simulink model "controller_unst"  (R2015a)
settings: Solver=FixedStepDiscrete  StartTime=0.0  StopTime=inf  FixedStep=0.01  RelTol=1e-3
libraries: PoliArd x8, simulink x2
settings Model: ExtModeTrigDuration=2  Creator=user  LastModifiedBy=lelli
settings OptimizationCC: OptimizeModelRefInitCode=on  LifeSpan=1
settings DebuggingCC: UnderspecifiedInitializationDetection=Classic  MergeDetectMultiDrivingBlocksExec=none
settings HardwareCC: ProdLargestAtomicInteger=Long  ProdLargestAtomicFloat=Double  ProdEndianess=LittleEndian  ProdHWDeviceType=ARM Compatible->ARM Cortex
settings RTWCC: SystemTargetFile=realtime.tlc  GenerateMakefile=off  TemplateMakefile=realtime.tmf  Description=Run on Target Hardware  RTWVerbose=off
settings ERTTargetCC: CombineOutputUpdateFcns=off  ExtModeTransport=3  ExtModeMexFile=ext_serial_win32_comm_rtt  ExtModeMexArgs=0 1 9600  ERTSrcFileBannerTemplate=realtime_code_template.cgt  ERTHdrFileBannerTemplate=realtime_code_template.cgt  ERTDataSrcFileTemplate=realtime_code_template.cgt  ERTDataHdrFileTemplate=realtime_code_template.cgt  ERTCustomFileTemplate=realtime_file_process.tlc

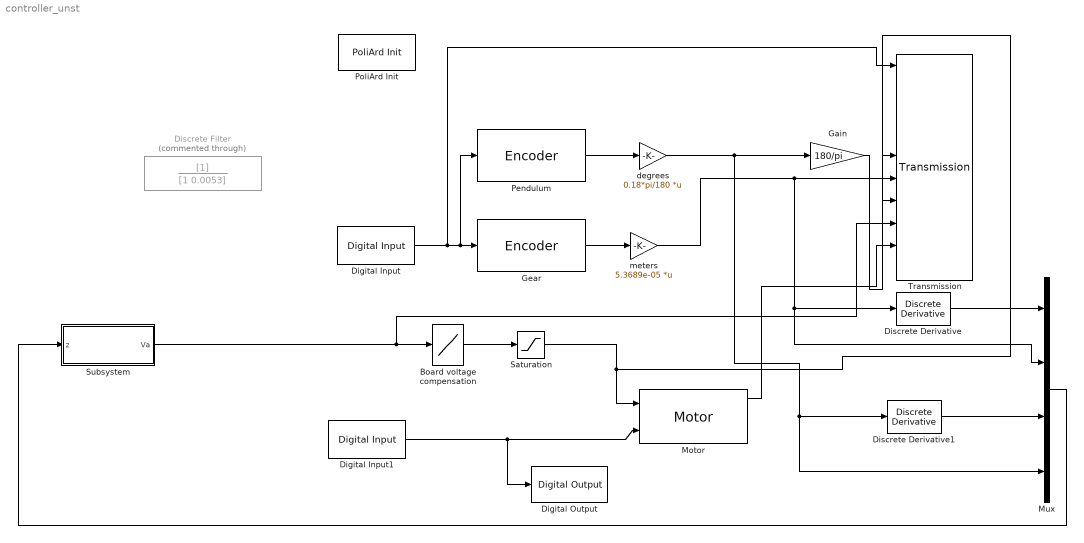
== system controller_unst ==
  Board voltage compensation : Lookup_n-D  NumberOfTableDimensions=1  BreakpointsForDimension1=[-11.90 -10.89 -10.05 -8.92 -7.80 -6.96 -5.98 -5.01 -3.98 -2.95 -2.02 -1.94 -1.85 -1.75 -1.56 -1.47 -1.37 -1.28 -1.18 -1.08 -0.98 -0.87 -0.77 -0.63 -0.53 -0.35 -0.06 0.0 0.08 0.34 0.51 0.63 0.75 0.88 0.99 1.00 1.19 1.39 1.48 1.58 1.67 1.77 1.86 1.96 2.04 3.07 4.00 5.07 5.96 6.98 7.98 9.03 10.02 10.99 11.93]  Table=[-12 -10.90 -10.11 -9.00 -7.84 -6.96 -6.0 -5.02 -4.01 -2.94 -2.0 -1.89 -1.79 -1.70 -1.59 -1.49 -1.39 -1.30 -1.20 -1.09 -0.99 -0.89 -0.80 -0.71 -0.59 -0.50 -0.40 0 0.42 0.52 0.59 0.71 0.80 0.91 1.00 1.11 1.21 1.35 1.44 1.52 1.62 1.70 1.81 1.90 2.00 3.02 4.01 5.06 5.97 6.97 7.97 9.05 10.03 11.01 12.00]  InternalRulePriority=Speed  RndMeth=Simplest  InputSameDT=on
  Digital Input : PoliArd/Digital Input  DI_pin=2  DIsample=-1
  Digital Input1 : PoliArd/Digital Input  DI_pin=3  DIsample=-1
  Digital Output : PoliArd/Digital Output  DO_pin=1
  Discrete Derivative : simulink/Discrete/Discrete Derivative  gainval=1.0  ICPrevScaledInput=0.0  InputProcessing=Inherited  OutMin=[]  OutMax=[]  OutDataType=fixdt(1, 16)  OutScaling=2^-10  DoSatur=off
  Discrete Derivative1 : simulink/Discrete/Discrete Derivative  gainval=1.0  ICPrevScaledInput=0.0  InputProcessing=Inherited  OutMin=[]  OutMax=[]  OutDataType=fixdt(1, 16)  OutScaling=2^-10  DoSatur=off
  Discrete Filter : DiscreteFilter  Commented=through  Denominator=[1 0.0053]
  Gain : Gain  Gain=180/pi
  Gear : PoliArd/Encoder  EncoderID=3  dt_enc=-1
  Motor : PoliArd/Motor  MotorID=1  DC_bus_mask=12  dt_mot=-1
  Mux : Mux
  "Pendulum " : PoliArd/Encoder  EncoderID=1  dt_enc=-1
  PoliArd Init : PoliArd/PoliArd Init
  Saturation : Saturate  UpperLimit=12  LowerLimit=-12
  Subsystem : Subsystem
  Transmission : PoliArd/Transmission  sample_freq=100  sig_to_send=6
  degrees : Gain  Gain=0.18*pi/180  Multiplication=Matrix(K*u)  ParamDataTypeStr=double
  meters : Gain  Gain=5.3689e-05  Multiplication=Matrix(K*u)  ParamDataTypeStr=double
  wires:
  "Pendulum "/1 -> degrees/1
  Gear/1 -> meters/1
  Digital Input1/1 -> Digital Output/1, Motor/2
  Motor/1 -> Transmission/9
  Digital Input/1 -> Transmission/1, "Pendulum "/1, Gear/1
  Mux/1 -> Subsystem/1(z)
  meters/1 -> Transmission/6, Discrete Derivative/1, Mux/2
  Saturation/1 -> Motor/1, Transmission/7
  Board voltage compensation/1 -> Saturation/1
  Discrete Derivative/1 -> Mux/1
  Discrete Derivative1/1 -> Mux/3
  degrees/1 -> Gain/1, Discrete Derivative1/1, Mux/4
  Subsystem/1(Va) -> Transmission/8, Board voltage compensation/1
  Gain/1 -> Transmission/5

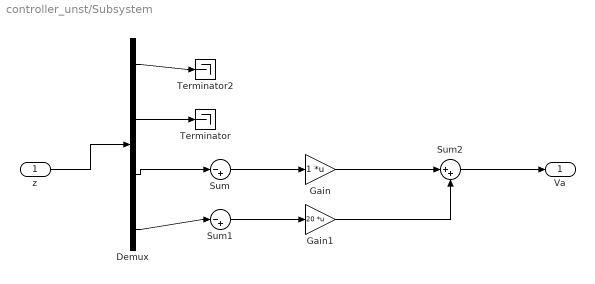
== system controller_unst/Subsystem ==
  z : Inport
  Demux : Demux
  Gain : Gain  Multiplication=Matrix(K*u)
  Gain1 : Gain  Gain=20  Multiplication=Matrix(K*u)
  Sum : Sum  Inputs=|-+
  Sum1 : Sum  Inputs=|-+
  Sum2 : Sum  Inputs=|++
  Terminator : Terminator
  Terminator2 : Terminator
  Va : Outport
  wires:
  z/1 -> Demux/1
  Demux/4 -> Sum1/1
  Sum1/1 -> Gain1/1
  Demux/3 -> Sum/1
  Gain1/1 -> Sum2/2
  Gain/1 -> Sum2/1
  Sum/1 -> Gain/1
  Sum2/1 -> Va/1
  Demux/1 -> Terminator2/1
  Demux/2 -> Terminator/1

=====

### What you should do
Repeat, with no changes, each line from the one with "Demux/3 -> Sum/1" to the end of the listing, including both ends and nothing else.

### Exercise output
  Demux/3 -> Sum/1
  Gain1/1 -> Sum2/2
  Gain/1 -> Sum2/1
  Sum/1 -> Gain/1
  Sum2/1 -> Va/1
  Demux/1 -> Terminator2/1
  Demux/2 -> Terminator/1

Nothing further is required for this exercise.